▸ **Exercise requirements**: Return the data below exactly as given, except for the images.

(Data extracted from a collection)
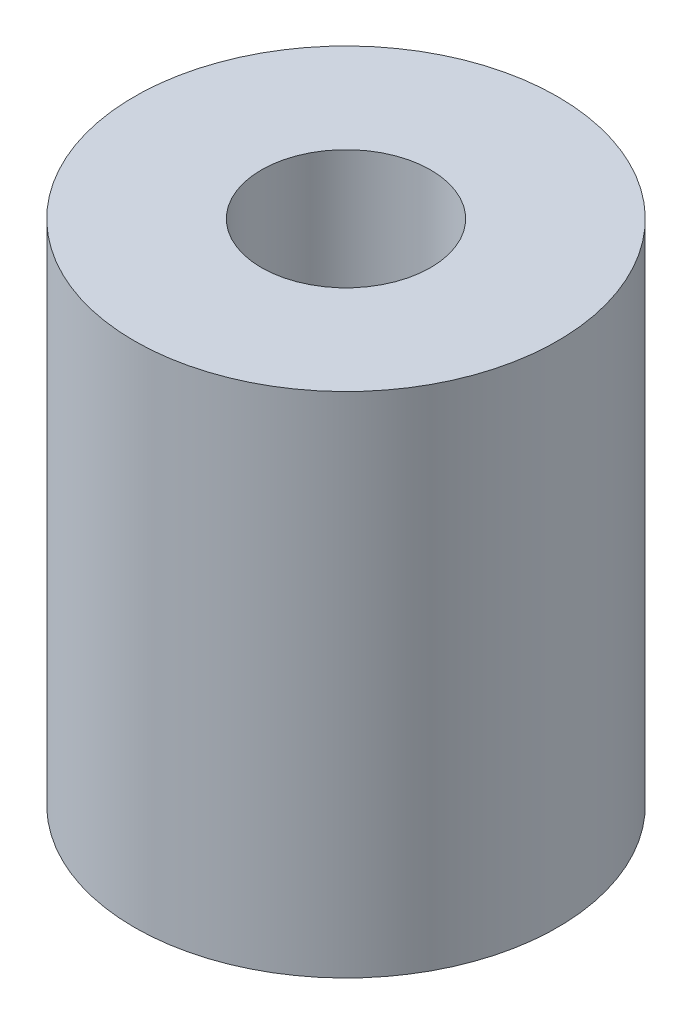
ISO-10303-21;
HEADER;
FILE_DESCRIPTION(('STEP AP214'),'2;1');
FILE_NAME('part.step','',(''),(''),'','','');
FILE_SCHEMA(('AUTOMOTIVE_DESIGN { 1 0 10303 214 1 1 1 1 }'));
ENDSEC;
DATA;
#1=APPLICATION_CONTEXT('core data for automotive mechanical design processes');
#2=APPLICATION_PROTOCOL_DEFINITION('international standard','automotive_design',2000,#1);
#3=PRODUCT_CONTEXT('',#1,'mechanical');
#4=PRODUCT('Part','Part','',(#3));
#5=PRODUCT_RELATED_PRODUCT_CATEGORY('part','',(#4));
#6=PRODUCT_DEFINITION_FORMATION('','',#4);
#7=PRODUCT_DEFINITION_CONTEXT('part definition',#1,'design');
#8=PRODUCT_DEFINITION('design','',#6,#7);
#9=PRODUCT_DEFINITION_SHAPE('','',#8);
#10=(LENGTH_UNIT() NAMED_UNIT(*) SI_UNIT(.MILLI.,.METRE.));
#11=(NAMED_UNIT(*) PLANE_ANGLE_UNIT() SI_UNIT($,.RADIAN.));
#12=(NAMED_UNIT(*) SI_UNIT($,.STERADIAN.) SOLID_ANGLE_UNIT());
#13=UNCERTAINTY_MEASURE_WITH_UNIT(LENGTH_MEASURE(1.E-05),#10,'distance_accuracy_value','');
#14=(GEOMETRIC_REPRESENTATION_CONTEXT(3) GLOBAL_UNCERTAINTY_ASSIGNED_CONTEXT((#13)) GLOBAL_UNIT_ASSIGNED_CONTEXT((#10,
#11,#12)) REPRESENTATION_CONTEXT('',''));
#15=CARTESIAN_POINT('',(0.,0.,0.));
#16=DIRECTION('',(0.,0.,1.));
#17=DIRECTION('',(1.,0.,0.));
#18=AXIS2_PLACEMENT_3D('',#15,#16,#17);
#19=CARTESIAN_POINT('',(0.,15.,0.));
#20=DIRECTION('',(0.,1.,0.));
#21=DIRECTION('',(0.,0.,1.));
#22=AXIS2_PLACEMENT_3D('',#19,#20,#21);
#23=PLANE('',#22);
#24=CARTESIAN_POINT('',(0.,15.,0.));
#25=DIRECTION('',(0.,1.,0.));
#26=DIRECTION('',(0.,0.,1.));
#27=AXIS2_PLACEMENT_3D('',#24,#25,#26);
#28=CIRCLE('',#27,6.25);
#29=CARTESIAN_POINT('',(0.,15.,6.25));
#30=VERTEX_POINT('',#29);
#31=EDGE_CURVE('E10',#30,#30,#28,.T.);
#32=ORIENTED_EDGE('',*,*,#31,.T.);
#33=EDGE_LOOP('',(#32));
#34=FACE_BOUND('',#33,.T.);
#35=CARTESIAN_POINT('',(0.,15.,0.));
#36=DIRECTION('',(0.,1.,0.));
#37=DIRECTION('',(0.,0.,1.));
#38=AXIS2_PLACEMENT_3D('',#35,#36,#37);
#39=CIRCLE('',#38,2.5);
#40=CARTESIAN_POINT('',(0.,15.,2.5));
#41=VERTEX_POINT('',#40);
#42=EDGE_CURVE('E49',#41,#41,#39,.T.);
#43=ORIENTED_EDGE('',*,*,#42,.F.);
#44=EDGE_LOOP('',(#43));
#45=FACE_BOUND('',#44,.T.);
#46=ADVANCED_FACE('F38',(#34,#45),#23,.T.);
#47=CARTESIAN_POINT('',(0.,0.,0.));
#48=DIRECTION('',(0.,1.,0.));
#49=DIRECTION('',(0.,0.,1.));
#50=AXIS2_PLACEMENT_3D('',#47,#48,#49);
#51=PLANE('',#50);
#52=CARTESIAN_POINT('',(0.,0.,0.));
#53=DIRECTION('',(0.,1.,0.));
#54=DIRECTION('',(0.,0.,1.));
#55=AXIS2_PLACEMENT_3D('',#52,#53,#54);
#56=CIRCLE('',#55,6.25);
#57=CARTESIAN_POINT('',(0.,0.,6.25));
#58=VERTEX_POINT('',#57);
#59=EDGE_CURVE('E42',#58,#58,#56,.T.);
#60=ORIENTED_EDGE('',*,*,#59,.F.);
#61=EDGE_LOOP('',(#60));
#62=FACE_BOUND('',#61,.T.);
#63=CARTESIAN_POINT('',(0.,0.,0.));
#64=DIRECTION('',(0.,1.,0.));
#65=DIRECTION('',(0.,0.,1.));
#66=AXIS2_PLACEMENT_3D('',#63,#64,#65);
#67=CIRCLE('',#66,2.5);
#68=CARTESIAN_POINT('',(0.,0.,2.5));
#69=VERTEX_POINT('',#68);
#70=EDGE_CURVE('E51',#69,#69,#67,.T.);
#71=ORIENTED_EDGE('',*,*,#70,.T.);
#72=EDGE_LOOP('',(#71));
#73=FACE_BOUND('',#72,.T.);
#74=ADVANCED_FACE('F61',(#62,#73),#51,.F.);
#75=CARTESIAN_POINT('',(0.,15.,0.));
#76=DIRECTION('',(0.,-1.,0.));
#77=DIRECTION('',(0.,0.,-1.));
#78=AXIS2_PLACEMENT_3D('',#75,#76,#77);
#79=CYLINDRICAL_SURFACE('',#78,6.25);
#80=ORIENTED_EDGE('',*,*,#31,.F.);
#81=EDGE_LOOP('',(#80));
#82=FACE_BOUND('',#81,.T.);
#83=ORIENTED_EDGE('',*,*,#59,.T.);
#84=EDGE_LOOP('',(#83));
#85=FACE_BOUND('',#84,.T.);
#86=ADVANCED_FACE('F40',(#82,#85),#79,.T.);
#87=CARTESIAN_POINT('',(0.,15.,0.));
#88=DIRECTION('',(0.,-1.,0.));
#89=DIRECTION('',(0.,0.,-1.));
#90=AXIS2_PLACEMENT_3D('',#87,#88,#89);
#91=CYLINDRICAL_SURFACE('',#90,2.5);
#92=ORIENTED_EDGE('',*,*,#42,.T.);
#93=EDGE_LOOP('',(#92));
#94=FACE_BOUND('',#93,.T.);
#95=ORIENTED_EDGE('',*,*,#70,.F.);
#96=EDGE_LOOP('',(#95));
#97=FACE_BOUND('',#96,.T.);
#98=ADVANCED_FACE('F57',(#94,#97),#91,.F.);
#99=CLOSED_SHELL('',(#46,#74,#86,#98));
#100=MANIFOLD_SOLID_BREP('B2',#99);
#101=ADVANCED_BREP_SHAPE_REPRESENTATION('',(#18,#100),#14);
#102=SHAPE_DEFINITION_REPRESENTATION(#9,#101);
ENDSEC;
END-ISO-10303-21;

▸ **Solution below**:
ISO-10303-21;
HEADER;
FILE_DESCRIPTION(('STEP AP214'),'2;1');
FILE_NAME('part.step','',(''),(''),'','','');
FILE_SCHEMA(('AUTOMOTIVE_DESIGN { 1 0 10303 214 1 1 1 1 }'));
ENDSEC;
DATA;
#1=APPLICATION_CONTEXT('core data for automotive mechanical design processes');
#2=APPLICATION_PROTOCOL_DEFINITION('international standard','automotive_design',2000,#1);
#3=PRODUCT_CONTEXT('',#1,'mechanical');
#4=PRODUCT('Part','Part','',(#3));
#5=PRODUCT_RELATED_PRODUCT_CATEGORY('part','',(#4));
#6=PRODUCT_DEFINITION_FORMATION('','',#4);
#7=PRODUCT_DEFINITION_CONTEXT('part definition',#1,'design');
#8=PRODUCT_DEFINITION('design','',#6,#7);
#9=PRODUCT_DEFINITION_SHAPE('','',#8);
#10=(LENGTH_UNIT() NAMED_UNIT(*) SI_UNIT(.MILLI.,.METRE.));
#11=(NAMED_UNIT(*) PLANE_ANGLE_UNIT() SI_UNIT($,.RADIAN.));
#12=(NAMED_UNIT(*) SI_UNIT($,.STERADIAN.) SOLID_ANGLE_UNIT());
#13=UNCERTAINTY_MEASURE_WITH_UNIT(LENGTH_MEASURE(1.E-05),#10,'distance_accuracy_value','');
#14=(GEOMETRIC_REPRESENTATION_CONTEXT(3) GLOBAL_UNCERTAINTY_ASSIGNED_CONTEXT((#13)) GLOBAL_UNIT_ASSIGNED_CONTEXT((#10,
#11,#12)) REPRESENTATION_CONTEXT('',''));
#15=CARTESIAN_POINT('',(0.,0.,0.));
#16=DIRECTION('',(0.,0.,1.));
#17=DIRECTION('',(1.,0.,0.));
#18=AXIS2_PLACEMENT_3D('',#15,#16,#17);
#19=CARTESIAN_POINT('',(0.,15.,0.));
#20=DIRECTION('',(0.,1.,0.));
#21=DIRECTION('',(0.,0.,1.));
#22=AXIS2_PLACEMENT_3D('',#19,#20,#21);
#23=PLANE('',#22);
#24=CARTESIAN_POINT('',(0.,15.,0.));
#25=DIRECTION('',(0.,1.,0.));
#26=DIRECTION('',(0.,0.,1.));
#27=AXIS2_PLACEMENT_3D('',#24,#25,#26);
#28=CIRCLE('',#27,6.25);
#29=CARTESIAN_POINT('',(0.,15.,6.25));
#30=VERTEX_POINT('',#29);
#31=EDGE_CURVE('E10',#30,#30,#28,.T.);
#32=ORIENTED_EDGE('',*,*,#31,.T.);
#33=EDGE_LOOP('',(#32));
#34=FACE_BOUND('',#33,.T.);
#35=CARTESIAN_POINT('',(0.,15.,0.));
#36=DIRECTION('',(0.,1.,0.));
#37=DIRECTION('',(0.,0.,1.));
#38=AXIS2_PLACEMENT_3D('',#35,#36,#37);
#39=CIRCLE('',#38,2.5);
#40=CARTESIAN_POINT('',(0.,15.,2.5));
#41=VERTEX_POINT('',#40);
#42=EDGE_CURVE('E49',#41,#41,#39,.T.);
#43=ORIENTED_EDGE('',*,*,#42,.F.);
#44=EDGE_LOOP('',(#43));
#45=FACE_BOUND('',#44,.T.);
#46=ADVANCED_FACE('F38',(#34,#45),#23,.T.);
#47=CARTESIAN_POINT('',(0.,0.,0.));
#48=DIRECTION('',(0.,1.,0.));
#49=DIRECTION('',(0.,0.,1.));
#50=AXIS2_PLACEMENT_3D('',#47,#48,#49);
#51=PLANE('',#50);
#52=CARTESIAN_POINT('',(0.,0.,0.));
#53=DIRECTION('',(0.,1.,0.));
#54=DIRECTION('',(0.,0.,1.));
#55=AXIS2_PLACEMENT_3D('',#52,#53,#54);
#56=CIRCLE('',#55,6.25);
#57=CARTESIAN_POINT('',(0.,0.,6.25));
#58=VERTEX_POINT('',#57);
#59=EDGE_CURVE('E42',#58,#58,#56,.T.);
#60=ORIENTED_EDGE('',*,*,#59,.F.);
#61=EDGE_LOOP('',(#60));
#62=FACE_BOUND('',#61,.T.);
#63=CARTESIAN_POINT('',(0.,0.,0.));
#64=DIRECTION('',(0.,1.,0.));
#65=DIRECTION('',(0.,0.,1.));
#66=AXIS2_PLACEMENT_3D('',#63,#64,#65);
#67=CIRCLE('',#66,2.5);
#68=CARTESIAN_POINT('',(0.,0.,2.5));
#69=VERTEX_POINT('',#68);
#70=EDGE_CURVE('E51',#69,#69,#67,.T.);
#71=ORIENTED_EDGE('',*,*,#70,.T.);
#72=EDGE_LOOP('',(#71));
#73=FACE_BOUND('',#72,.T.);
#74=ADVANCED_FACE('F61',(#62,#73),#51,.F.);
#75=CARTESIAN_POINT('',(0.,15.,0.));
#76=DIRECTION('',(0.,-1.,0.));
#77=DIRECTION('',(0.,0.,-1.));
#78=AXIS2_PLACEMENT_3D('',#75,#76,#77);
#79=CYLINDRICAL_SURFACE('',#78,6.25);
#80=ORIENTED_EDGE('',*,*,#31,.F.);
#81=EDGE_LOOP('',(#80));
#82=FACE_BOUND('',#81,.T.);
#83=ORIENTED_EDGE('',*,*,#59,.T.);
#84=EDGE_LOOP('',(#83));
#85=FACE_BOUND('',#84,.T.);
#86=ADVANCED_FACE('F40',(#82,#85),#79,.T.);
#87=CARTESIAN_POINT('',(0.,15.,0.));
#88=DIRECTION('',(0.,-1.,0.));
#89=DIRECTION('',(0.,0.,-1.));
#90=AXIS2_PLACEMENT_3D('',#87,#88,#89);
#91=CYLINDRICAL_SURFACE('',#90,2.5);
#92=ORIENTED_EDGE('',*,*,#42,.T.);
#93=EDGE_LOOP('',(#92));
#94=FACE_BOUND('',#93,.T.);
#95=ORIENTED_EDGE('',*,*,#70,.F.);
#96=EDGE_LOOP('',(#95));
#97=FACE_BOUND('',#96,.T.);
#98=ADVANCED_FACE('F57',(#94,#97),#91,.F.);
#99=CLOSED_SHELL('',(#46,#74,#86,#98));
#100=MANIFOLD_SOLID_BREP('B2',#99);
#101=ADVANCED_BREP_SHAPE_REPRESENTATION('',(#18,#100),#14);
#102=SHAPE_DEFINITION_REPRESENTATION(#9,#101);
ENDSEC;
END-ISO-10303-21;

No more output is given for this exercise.